Flexor tendon injuries in zone II are traditionally managed with postoperative splinting to protect the repair, but this can limit early mobilization and functional recovery. This prospective cohort study aims to evaluate the clinical and functional outcomes of primary flexor tendon repair using an eight-strand core suture technique without postoperative splinting.

All procedures will be performed under wide-awake local anesthesia without a tourniquet (WALANT).
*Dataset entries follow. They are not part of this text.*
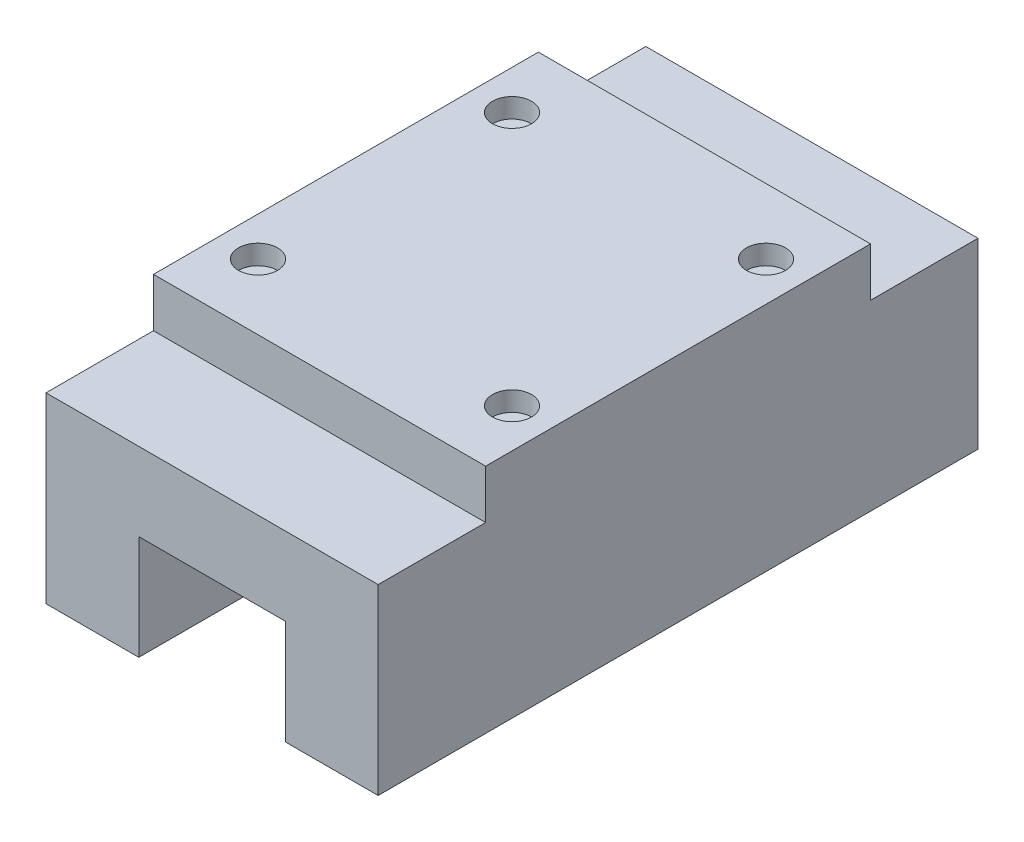
SolidWorks part; units mm, degrees
ref_plane "Спереди" through (0, 0, 0) normal (0, 0, 1) x (1, 0, 0)
ref_plane "Сверху" through (0, 0, 0) normal (0, 1, 0) x (1, 0, 0)
ref_plane "Справа" through (0, 0, 0) normal (1, 0, 0) x (0, 0, -1)
sketch "Эскиз1" plane through (0, 0, 0) normal (0, 0, 1) x (1, 0, 0)
  line L0 (24.5, 0) -> (34, 0)
  line L1 (0, 0) -> (9.5, 0)
  line L2 (0, 0) -> (0, 23.7)
  line L3 (0, 23.7) -> (34, 23.7)
  line L4 (34, 0) -> (34, 23.7)
  line L6 (9.5, 0) -> (9.5, 10.7)
  line L7 (9.5, 10.7) -> (24.5, 10.7)
  line L8 (24.5, 0) -> (24.5, 10.7)
  dimension "D1" = 23.7
  dimension "D2" = 34
  dimension "D3" = 10.7
  dimension "D4" = 15
  dimension "D5" = 9.5
extrude "Вытянуть1" add sketch "Эскиз1" along normal blind 61.4
sketch "Эскиз2" plane through (34, 0, 0) normal (1, 0, 0) x (0, 0, -1)
  line L0 (-50.4, 18.7) -> (-11, 18.7) construction
  line L1 (-50.4, 24.2476) -> (-68.3636, 24.2476)
  line L2 (-50.4, 24.2476) -> (-50.4, 18.7)
  line L3 (-50.4, 18.7) -> (-68.3636, 18.7)
  line L4 (-68.3636, 24.2476) -> (-68.3636, 18.7)
  line L5 (-11, 25.2567) -> (11.8104, 25.2567)
  line L6 (-11, 25.2567) -> (-11, 18.7)
  line L7 (-11, 18.7) -> (11.8104, 18.7)
  line L8 (11.8104, 25.2567) -> (11.8104, 18.7)
  line L9 (0, 0) -> (0, 23.7) construction
  line L11 (-61.4, 23.7) -> (0, 23.7) construction
  dimension "D1" = 39.4
  dimension "D2" = 11
  dimension "D3" = 5
extrude "Вырез-Вытянуть1" cut sketch "Эскиз2" against normal blind 61.4
sketch "Эскиз3" plane through (0, 23.7, 0) normal (0, 1, 0) x (-1, 0, 0)
  line L0 (-4.0002, 17.6999) -> (-30.0002, 17.6999) construction
  line L1 (-30.0002, 17.6999) -> (-30.0002, 43.6999) construction
  line L2 (-30.0002, 43.6999) -> (-4.0002, 43.6999) construction
  line L3 (-4.0002, 43.6999) -> (-4.0002, 17.6999) construction
  circle A0 centre (-4.0002, 17.6999) radius 2
  circle A1 centre (-30.0002, 17.6999) radius 2
  circle A2 centre (-4.0002, 43.6999) radius 2
  circle A3 centre (-30.0002, 43.6999) radius 2
  point P8 (-17.0002, 30.6999)
  point P9 (-17, 30.7)
  dimension "D1" = 26
  dimension "D2" = 26
  dimension "D3" = 0.0002
extrude "Вырез-Вытянуть2" cut sketch "Эскиз3" against normal blind 2

The injured tendons will be repaired using an innovative crossed eight-strand core suture technique with PDS 3-0 or 4-0 sutures, depending on tendon size. Standard aseptic technique and microsurgical instruments will be utilized.

Unlike traditional protocols, no splint will be applied postoperatively. Patients will begin gentle, active range-of-motion exercises starting on postoperative day 5. This approach aims to leverage the superior tensile strength of the eight-strand repair to allow early mobilization, potentially reducing adhesion formation and improving outcomes.

Patients will be followed up weekly until 6 weeks, then at 12 weeks, and finally at 6 months post-surgery. Skin sutures will be removed at two weeks.

The primary outcome is Total Active Motion (TAM) assessed using the Strickland and Glogovac score at 6 weeks and 6 months. Secondary outcomes include grip strength and patient-reported function via the Disability of the Arm, Shoulder, and Hand (DASH) questionnaire at the same time points.